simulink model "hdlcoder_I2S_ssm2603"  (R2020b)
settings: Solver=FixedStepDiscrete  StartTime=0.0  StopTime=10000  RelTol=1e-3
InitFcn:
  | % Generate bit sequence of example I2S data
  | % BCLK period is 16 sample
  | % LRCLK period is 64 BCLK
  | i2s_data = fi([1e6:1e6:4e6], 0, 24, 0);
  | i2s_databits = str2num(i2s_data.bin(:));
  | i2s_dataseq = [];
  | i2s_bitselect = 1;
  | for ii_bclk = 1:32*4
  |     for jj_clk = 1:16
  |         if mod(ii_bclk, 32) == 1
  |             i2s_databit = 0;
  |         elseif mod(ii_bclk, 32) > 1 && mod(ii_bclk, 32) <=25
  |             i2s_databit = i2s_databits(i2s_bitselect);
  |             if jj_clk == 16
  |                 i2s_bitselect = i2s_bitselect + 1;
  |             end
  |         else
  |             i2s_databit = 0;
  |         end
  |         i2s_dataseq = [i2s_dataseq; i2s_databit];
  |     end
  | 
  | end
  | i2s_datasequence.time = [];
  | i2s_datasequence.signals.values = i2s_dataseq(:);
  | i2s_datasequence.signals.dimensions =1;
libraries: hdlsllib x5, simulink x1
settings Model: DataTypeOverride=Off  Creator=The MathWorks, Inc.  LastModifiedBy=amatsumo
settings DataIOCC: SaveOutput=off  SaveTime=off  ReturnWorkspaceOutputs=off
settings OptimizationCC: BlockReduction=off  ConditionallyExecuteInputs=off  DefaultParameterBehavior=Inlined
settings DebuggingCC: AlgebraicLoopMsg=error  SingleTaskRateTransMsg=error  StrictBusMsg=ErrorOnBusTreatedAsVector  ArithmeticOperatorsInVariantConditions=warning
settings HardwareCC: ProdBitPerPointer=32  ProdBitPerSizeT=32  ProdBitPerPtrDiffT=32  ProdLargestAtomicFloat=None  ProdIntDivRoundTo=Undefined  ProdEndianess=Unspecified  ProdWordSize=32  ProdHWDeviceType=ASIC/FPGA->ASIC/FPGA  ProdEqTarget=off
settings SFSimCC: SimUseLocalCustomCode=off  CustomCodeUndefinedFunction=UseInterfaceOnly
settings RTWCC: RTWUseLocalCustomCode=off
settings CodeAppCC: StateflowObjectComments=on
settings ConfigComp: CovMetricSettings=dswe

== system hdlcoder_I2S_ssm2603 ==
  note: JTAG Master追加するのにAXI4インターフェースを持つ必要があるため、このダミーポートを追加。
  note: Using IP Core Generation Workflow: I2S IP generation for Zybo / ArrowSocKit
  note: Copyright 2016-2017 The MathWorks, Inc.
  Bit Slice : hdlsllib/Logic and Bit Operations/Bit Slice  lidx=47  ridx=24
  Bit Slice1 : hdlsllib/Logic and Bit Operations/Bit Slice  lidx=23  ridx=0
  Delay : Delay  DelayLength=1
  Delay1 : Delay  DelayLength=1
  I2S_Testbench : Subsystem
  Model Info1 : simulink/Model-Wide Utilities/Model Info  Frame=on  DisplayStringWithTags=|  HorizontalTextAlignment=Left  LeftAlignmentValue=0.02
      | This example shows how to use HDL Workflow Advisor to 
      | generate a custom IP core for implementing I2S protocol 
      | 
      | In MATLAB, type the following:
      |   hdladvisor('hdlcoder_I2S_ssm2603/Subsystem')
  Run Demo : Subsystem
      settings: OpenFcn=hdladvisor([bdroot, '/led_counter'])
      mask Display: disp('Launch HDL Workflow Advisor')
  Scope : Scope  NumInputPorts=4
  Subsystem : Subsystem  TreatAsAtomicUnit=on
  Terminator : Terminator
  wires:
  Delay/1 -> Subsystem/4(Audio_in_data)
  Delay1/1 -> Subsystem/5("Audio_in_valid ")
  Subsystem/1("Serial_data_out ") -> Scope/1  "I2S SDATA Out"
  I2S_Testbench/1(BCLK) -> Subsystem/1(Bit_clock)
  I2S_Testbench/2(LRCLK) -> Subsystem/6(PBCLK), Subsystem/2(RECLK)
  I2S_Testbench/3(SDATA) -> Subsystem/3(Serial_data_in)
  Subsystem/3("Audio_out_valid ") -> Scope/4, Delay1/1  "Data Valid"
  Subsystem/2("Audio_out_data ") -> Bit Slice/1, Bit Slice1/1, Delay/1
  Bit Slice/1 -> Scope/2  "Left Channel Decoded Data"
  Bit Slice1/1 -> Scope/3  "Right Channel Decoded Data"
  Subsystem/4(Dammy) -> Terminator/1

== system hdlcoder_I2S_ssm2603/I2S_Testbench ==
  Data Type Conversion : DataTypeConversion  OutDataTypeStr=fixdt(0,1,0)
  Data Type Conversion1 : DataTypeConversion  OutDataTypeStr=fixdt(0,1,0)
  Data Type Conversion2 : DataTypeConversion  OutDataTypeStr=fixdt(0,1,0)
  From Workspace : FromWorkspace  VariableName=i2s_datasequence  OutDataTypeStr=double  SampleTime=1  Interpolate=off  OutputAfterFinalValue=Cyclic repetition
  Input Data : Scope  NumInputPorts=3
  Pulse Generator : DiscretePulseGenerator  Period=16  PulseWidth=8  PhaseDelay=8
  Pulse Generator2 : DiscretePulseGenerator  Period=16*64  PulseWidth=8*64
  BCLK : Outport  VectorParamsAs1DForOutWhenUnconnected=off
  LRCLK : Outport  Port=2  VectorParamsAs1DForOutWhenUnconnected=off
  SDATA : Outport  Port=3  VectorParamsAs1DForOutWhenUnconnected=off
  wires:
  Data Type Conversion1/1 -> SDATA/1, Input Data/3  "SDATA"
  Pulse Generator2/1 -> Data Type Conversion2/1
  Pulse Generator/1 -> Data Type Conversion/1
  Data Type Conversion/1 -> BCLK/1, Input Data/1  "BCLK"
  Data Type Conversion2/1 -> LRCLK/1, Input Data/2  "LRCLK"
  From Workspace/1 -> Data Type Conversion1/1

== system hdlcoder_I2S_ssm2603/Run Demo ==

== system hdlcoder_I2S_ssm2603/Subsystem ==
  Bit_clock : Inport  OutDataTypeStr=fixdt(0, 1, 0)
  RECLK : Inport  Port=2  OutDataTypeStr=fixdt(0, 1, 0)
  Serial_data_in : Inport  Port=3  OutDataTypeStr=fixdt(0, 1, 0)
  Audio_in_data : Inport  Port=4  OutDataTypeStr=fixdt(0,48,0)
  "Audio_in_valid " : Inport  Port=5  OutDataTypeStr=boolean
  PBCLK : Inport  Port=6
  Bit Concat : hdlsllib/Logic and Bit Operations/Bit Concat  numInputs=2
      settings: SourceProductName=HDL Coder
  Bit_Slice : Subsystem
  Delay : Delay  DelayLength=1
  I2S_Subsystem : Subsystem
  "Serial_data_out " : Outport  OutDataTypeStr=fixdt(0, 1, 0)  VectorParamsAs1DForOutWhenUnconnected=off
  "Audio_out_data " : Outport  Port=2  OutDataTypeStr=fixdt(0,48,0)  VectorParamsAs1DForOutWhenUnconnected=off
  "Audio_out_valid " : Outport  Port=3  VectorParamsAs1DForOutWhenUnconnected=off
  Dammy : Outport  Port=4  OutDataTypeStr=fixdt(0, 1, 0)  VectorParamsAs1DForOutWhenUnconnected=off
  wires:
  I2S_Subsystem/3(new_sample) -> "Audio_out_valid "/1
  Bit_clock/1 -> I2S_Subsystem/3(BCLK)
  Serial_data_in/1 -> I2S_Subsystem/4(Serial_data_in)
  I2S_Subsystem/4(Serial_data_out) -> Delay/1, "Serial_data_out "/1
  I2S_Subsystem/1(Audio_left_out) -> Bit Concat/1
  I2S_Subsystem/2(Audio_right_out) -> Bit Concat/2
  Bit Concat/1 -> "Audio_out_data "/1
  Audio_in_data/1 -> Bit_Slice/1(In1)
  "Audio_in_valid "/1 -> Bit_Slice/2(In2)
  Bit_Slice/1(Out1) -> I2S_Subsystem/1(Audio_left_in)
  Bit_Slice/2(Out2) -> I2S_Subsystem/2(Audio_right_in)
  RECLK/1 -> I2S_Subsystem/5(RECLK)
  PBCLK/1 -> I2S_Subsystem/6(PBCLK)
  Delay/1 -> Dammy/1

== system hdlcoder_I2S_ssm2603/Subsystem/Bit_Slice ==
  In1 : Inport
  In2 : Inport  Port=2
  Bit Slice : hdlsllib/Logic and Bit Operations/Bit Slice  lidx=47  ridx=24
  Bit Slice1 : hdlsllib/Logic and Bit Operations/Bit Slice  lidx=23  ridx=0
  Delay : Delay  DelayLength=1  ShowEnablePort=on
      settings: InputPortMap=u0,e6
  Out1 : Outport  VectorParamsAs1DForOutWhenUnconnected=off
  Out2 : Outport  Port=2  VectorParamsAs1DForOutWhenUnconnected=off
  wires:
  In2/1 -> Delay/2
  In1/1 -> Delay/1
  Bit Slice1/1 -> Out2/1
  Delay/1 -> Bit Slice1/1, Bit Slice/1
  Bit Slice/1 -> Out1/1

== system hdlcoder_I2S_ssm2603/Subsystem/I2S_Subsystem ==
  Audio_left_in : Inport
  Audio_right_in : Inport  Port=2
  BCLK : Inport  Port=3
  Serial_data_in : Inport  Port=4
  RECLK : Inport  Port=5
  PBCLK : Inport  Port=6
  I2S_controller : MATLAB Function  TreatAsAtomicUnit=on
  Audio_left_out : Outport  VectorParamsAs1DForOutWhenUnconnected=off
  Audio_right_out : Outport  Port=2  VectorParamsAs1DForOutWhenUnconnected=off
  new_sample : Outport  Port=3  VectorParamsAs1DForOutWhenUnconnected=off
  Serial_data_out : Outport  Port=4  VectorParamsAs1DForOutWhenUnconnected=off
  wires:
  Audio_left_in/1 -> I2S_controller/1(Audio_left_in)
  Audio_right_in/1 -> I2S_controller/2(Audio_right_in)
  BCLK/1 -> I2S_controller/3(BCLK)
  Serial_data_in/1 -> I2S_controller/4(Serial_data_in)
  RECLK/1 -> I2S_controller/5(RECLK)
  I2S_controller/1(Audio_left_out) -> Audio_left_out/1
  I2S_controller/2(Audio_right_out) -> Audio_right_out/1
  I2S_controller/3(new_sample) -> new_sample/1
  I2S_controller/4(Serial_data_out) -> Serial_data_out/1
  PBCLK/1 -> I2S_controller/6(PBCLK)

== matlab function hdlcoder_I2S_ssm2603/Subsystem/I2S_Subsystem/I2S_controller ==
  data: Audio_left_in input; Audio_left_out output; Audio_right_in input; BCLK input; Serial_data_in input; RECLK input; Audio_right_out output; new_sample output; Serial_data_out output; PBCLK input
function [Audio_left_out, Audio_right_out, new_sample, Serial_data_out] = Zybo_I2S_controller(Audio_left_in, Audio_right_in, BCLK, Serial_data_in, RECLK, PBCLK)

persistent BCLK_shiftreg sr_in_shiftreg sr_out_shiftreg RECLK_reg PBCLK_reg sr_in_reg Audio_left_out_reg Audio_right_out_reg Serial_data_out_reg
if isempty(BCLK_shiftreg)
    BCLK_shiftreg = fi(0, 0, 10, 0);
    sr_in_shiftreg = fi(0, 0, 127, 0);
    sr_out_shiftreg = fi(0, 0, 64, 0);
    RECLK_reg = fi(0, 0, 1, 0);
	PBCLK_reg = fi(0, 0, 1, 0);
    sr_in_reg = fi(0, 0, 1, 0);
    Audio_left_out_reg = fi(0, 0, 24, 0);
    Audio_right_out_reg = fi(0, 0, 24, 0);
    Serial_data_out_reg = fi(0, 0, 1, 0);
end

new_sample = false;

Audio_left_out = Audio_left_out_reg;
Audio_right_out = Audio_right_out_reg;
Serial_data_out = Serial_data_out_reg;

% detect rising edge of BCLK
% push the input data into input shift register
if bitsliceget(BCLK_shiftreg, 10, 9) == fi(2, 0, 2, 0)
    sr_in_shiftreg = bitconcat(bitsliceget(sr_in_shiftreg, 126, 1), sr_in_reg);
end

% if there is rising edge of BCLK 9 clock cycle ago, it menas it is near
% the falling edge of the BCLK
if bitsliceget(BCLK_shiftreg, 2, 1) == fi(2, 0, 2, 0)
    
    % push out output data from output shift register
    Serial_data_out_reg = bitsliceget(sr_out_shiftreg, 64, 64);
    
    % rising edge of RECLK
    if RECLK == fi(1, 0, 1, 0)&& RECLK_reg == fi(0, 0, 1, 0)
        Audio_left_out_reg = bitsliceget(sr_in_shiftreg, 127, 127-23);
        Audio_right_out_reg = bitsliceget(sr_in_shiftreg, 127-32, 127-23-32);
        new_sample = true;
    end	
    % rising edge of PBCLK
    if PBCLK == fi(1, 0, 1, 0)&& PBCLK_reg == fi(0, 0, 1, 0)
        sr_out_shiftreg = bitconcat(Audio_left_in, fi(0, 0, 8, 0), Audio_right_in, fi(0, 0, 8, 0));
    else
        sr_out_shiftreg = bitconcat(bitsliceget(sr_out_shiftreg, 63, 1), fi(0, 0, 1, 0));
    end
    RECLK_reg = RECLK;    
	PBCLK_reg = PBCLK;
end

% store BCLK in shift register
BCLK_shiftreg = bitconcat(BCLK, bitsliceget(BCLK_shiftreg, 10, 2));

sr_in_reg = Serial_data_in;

-----

### PROBLEM DESCRIPTION:
Start at the first line of the material. Reproduce every line exactly, ending with the line that holds "fi([1e6:1e6:4e6], 0, 24, 0);".

### EXERCISE OUTPUT:
simulink model "hdlcoder_I2S_ssm2603"  (R2020b)
settings: Solver=FixedStepDiscrete  StartTime=0.0  StopTime=10000  RelTol=1e-3
InitFcn:
  | % Generate bit sequence of example I2S data
  | % BCLK period is 16 sample
  | % LRCLK period is 64 BCLK
  | i2s_data = fi([1e6:1e6:4e6], 0, 24, 0);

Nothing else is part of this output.